Article – BusinessDesk
Dec. 30 (BusinessDesk) – The New Zealand dollar is heading for a 2 percent gain against the greenback this year, belying the currency’s volatility in a year that delivered unexpected results in the UK’s vote on European Union membership and the US presidential …Friday 30 December 2016 02:01 PM
NZ dollar heads for 2% gain in 2016, belying volatile year
By Paul McBeth
Dec. 30 (BusinessDesk) – The New Zealand dollar is heading for a 2 percent gain against the greenback this year, belying the currency’s volatility in a year that delivered unexpected results in the UK’s vote on European Union membership and the US presidential election, as well as local interest rates sinking to a new record low.

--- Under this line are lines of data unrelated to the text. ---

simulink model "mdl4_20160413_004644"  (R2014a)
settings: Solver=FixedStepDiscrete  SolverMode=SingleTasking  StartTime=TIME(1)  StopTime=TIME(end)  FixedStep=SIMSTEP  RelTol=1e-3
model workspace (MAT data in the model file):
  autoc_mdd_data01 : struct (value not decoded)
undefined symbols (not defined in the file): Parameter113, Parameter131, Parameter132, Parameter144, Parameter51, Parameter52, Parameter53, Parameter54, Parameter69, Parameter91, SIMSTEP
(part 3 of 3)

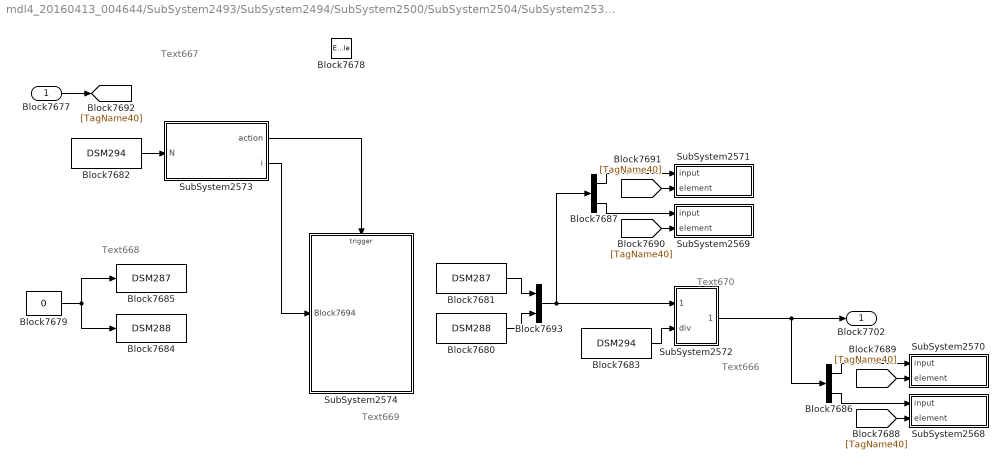
== system mdl4_20160413_004644/SubSystem2493/SubSystem2494/SubSystem2500/SubSystem2504/SubSystem2533/SubSystem2567 ==
  note: Text670
  note: Text669
  note: Text668
  note: Text667
  note: Text666
  Block7677 : Inport
  Block7678 : EnablePort
  Block7679 : Constant  Value=0  OutDataTypeStr=double  SampleTime=-1
  Block7680 : DataStoreRead  Priority=30  DataStoreName=DSM288
      settings: AttributesFormatString=Attribute1963
  Block7681 : DataStoreRead  Priority=30  DataStoreName=DSM287
      settings: AttributesFormatString=Attribute1964
  Block7682 : DataStoreRead  DataStoreName=DSM294
  Block7683 : DataStoreRead  DataStoreName=DSM294
  Block7684 : DataStoreWrite  Priority=10  DataStoreName=DSM288
      settings: AttributesFormatString=Attribute1965
  Block7685 : DataStoreWrite  Priority=10  DataStoreName=DSM287
      settings: AttributesFormatString=Attribute1966
  Block7686 : Demux  Outputs=2
  Block7687 : Demux  Outputs=2
  Block7693 : Mux  Inputs=2
  SubSystem2568 : Subsystem  TreatAsAtomicUnit=on  mask(***ATC.DSWVEC***){bd_version=1.01.A, r0=DSM290, r1=-1, r2=, r3=, r4=, r5=, r6=, r7=, r8=, r9=, c0=, c1=, c2=, c3=, c4=, c5=, c6=, c7=, c8=, c9=}
      mask prompts: bd_version "Version"
      mask help: これはAutoCからのブロックです．編集禁止．
      settings: OpenFcn=warndlg('変更禁止!');
      mask Help: web(ui_blockhelpmng(gcb));
      mask Display: disp('ATC.DSRVEC')
  SubSystem2569 : Subsystem  TreatAsAtomicUnit=on  mask(***ATC.DSWVEC***){bd_version=1.01.A, r0=DSM292, r1=-1, r2=, r3=, r4=, r5=, r6=, r7=, r8=, r9=, c0=, c1=, c2=, c3=, c4=, c5=, c6=, c7=, c8=, c9=}
      mask prompts: bd_version "Version"
      mask help: これはAutoCからのブロックです．編集禁止．
      settings: OpenFcn=warndlg('変更禁止!');
      mask Help: web(ui_blockhelpmng(gcb));
      mask Display: disp('ATC.DSRVEC')
  SubSystem2570 : Subsystem  TreatAsAtomicUnit=on  mask(***ATC.DSWVEC***){bd_version=1.01.A, r0=DSM289, r1=-1, r2=, r3=, r4=, r5=, r6=, r7=, r8=, r9=, c0=, c1=, c2=, c3=, c4=, c5=, c6=, c7=, c8=, c9=}
      mask prompts: bd_version "Version"
      mask help: これはAutoCからのブロックです．編集禁止．
      settings: OpenFcn=warndlg('変更禁止!');
      mask Help: web(ui_blockhelpmng(gcb));
      mask Display: disp('ATC.DSRVEC')
  SubSystem2571 : Subsystem  TreatAsAtomicUnit=on  mask(***ATC.DSWVEC***){bd_version=1.01.A, r0=DSM291, r1=-1, r2=, r3=, r4=, r5=, r6=, r7=, r8=, r9=, c0=, c1=, c2=, c3=, c4=, c5=, c6=, c7=, c8=, c9=}
      mask prompts: bd_version "Version"
      mask help: これはAutoCからのブロックです．編集禁止．
      settings: OpenFcn=warndlg('変更禁止!');
      mask Help: web(ui_blockhelpmng(gcb));
      mask Display: disp('ATC.DSRVEC')
  SubSystem2572 : Subsystem  TreatAsAtomicUnit=on  mask(***ATC.DIVISION***){bd_version=1.01.A, r0=チェック無し, r1=, r2=, r3=, r4=, r5=, r6=, r7=, r8=, r9=, c0=, c1=, c2=, c3=, c4=, c5=, c6=, c7=, c8=, c9=}
      mask prompts: bd_version "Version"
      mask help: これはAutoCからのブロックです．編集禁止．
      settings: OpenFcn=warndlg('変更禁止!');
      mask Help: web(ui_blockhelpmng(gcb));
  SubSystem2573 : Subsystem  Priority=20  TreatAsAtomicUnit=on  mask(***ATC.ITERATOR***){}
      mask help: これはAutoCからのブロックです．編集禁止．
      settings: AttributesFormatString=Attribute1967  OpenFcn=warndlg('変更禁止!');  RTWSystemCode=Inline
  SubSystem2574 : Subsystem  TreatAsAtomicUnit=on
  Block7702 : Outport
  wires:
  Block7679/1 -> Block7684/1, Block7685/1
  Block7687/2 -> SubSystem2569/1(input)
  [TagName40] -> SubSystem2569/2(element)
  Block7687/1 -> SubSystem2571/1(input)
  [TagName40] -> SubSystem2571/2(element)
  Block7686/2 -> SubSystem2568/1(input)
  [TagName40] -> SubSystem2568/2(element)
  Block7686/1 -> SubSystem2570/1(input)
  [TagName40] -> SubSystem2570/2(element)
  Block7693/1 -> Block7687/1, SubSystem2572/1(mult)
  Block7680/1 -> Block7693/2
  Block7681/1 -> Block7693/1
  SubSystem2572/1(Out) -> Block7686/1, Block7702/1
  Block7683/1 -> SubSystem2572/2(div)
  SubSystem2573/2(i) -> SubSystem2574/1(Block7694)
  SubSystem2573/1(action) -> SubSystem2574/Trigger
  Block7682/1 -> SubSystem2573/1(N)
  Block7677/1 -> [TagName40]

== system mdl4_20160413_004644/SubSystem2493/SubSystem2494/SubSystem2500/SubSystem2504/SubSystem2533/SubSystem2537/SubSystem2538 ==
  note: ***編集禁止***
  input : Inport
  element : Inport  Port=2
  Assignment : Assignment  IndexOptions=Index vector (port)  OutputSizes=[1 1]
  Inside_DSR : DataStoreRead  DataStoreName=DSM293
  Inside_DSW : DataStoreWrite  DataStoreName=DSM293
  wires:
  Assignment/1 -> Inside_DSW/1
  Inside_DSR/1 -> Assignment/1
  input/1 -> Assignment/2
  element/1 -> Assignment/3

== system mdl4_20160413_004644/SubSystem2493/SubSystem2494/SubSystem2500/SubSystem2504/SubSystem2533/SubSystem2537/SubSystem2539 ==
  note: ***編集禁止***
  input : Inport
  element : Inport  Port=2
  Assignment : Assignment  IndexOptions=Index vector (port)  OutputSizes=[1 1]
  Inside_DSR : DataStoreRead  DataStoreName=DSM295
  Inside_DSW : DataStoreWrite  DataStoreName=DSM295
  wires:
  Assignment/1 -> Inside_DSW/1
  Inside_DSR/1 -> Assignment/1
  input/1 -> Assignment/2
  element/1 -> Assignment/3

== system mdl4_20160413_004644/SubSystem2493/SubSystem2494/SubSystem2500/SubSystem2504/SubSystem2533/SubSystem2537/SubSystem2540 ==
  note: ***編集禁止***
  In1 : Inport
  In2 : Inport  Port=2
  RO1 : RelationalOperator  Operator===  InputSameDT=on
  single1 : DataTypeConversion  OutDataTypeStr=single  SaturateOnIntegerOverflow=on  RndMeth=Zero
  single2 : DataTypeConversion  OutDataTypeStr=single  SaturateOnIntegerOverflow=on  RndMeth=Zero
  Out1 : Outport
  wires:
  single2/1 -> RO1/2
  single1/1 -> RO1/1
  In1/1 -> single1/1
  In2/1 -> single2/1
  RO1/1 -> Out1/1

== system mdl4_20160413_004644/SubSystem2493/SubSystem2494/SubSystem2500/SubSystem2504/SubSystem2533/SubSystem2541/SubSystem2542 ==
  note: ***編集禁止***
  input : Inport
  element : Inport  Port=2
  Assignment : Assignment  IndexOptions=Index vector (port)  OutputSizes=[1 1]
  Inside_DSR : DataStoreRead  DataStoreName=DSM279
  Inside_DSW : DataStoreWrite  DataStoreName=DSM279
  wires:
  Assignment/1 -> Inside_DSW/1
  Inside_DSR/1 -> Assignment/1
  input/1 -> Assignment/2
  element/1 -> Assignment/3

== system mdl4_20160413_004644/SubSystem2493/SubSystem2494/SubSystem2500/SubSystem2504/SubSystem2533/SubSystem2541/SubSystem2543 ==
  note: ***編集禁止***
  input : Inport
  element : Inport  Port=2
  Assignment : Assignment  IndexOptions=Index vector (port)  OutputSizes=[1 1]
  Inside_DSR : DataStoreRead  DataStoreName=DSM280
  Inside_DSW : DataStoreWrite  DataStoreName=DSM280
  wires:
  Assignment/1 -> Inside_DSW/1
  Inside_DSR/1 -> Assignment/1
  input/1 -> Assignment/2
  element/1 -> Assignment/3

== system mdl4_20160413_004644/SubSystem2493/SubSystem2494/SubSystem2500/SubSystem2504/SubSystem2533/SubSystem2544/SubSystem2545 ==
  note: ***編集禁止***
  input : Inport
  element : Inport  Port=2
  Assignment : Assignment  IndexOptions=Index vector (port)  OutputSizes=[1 1]
  Inside_DSR : DataStoreRead  DataStoreName=DSM281
  Inside_DSW : DataStoreWrite  DataStoreName=DSM281
  wires:
  Assignment/1 -> Inside_DSW/1
  Inside_DSR/1 -> Assignment/1
  input/1 -> Assignment/2
  element/1 -> Assignment/3

== system mdl4_20160413_004644/SubSystem2493/SubSystem2494/SubSystem2500/SubSystem2504/SubSystem2533/SubSystem2544/SubSystem2546 ==
  note: ***編集禁止***
  input : Inport
  element : Inport  Port=2
  Assignment : Assignment  IndexOptions=Index vector (port)  OutputSizes=[1 1]
  Inside_DSR : DataStoreRead  DataStoreName=DSM282
  Inside_DSW : DataStoreWrite  DataStoreName=DSM282
  wires:
  Assignment/1 -> Inside_DSW/1
  Inside_DSR/1 -> Assignment/1
  input/1 -> Assignment/2
  element/1 -> Assignment/3

== system mdl4_20160413_004644/SubSystem2493/SubSystem2494/SubSystem2500/SubSystem2504/SubSystem2533/SubSystem2547/SubSystem2548 ==
  note: ***編集禁止***
  input : Inport
  element : Inport  Port=2
  Assignment : Assignment  IndexOptions=Index vector (port)  OutputSizes=[1 1]
  Inside_DSR : DataStoreRead  DataStoreName=DSM290
  Inside_DSW : DataStoreWrite  DataStoreName=DSM290
  wires:
  Assignment/1 -> Inside_DSW/1
  Inside_DSR/1 -> Assignment/1
  input/1 -> Assignment/2
  element/1 -> Assignment/3

== system mdl4_20160413_004644/SubSystem2493/SubSystem2494/SubSystem2500/SubSystem2504/SubSystem2533/SubSystem2547/SubSystem2549 ==
  note: ***編集禁止***
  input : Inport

The kiwi traded at 69.63 US cents at 1.30pm in Wellington from 68.25 cents at the start of the year. However, New Zealand’s currency fell as low as 63.46 cents in January and peaked at 74.85 cents in September in a year that whipped the kiwi back and forth.
The greenback rallied through the final two months of the year after the surprise election of Donald Trump to the US presidency on a campaign of tax cuts and infrastructure spending gave the US Federal Reserve room to signal faster interest rate hikes next year after failing to deliver tighter policy this year.
The US dollar appreciation has slowed heading into the end of the financial year as investors look to lock in profits from that gain and as China reduced the weighting of the US dollar in its yuan index basket of currencies.
“We’re definitely seeing some profit-taking, that’s most of it, and the yuan thing exacerbated it in thin, illiquid markets,” said Tim Kelleher, head of institutional FX sales NZ at ASB Institutional in Auckland. “There’s been a big squeeze over the new year on US dollars – the forward market’s quite illiquid – but it will get better” once trading desks re-open in January, he said.
The higher track for US interest rates has revived interest in global bond markets and boosted rates around the world, sapping expectations New Zealand’s Reserve Bank will have to cut the official cash rate again. New Zealand’s two-year swap rate was unchanged at 2.5 percent and is down from 2.83 percent a year ago, while 10-year swaps at 3.58 percent were down from 3.73 percent at the end of 2015.
On a trade-weighted basis, the kiwi is heading for a 4.4 percent gain in the year, trading at 77.57 at 1.30pm in Wellington from 74.28 at the end of 2016. Again, the TWI was more volatile, peaking at 79.30 in September, having troughed at 70.44 in January.
The kiwi is heading for a 22 percent gain against the British pound after the UK’s currency was re-rated by investors after the surprise vote against Britain retaining its EU membership in late June. The kiwi traded at 56.63 British pence from 46.30 pence at the end of last year.
The local currency is heading for a 4.9 percent increase to 65.97 euro cents and a 2.6 percent rise to 96.15 Australian cents since the start of the year.
The kiwi is heading for an 8.7 percent gain to 4.8417 Chinese yuan, and a 1.1 percent decline to 81.04 yen.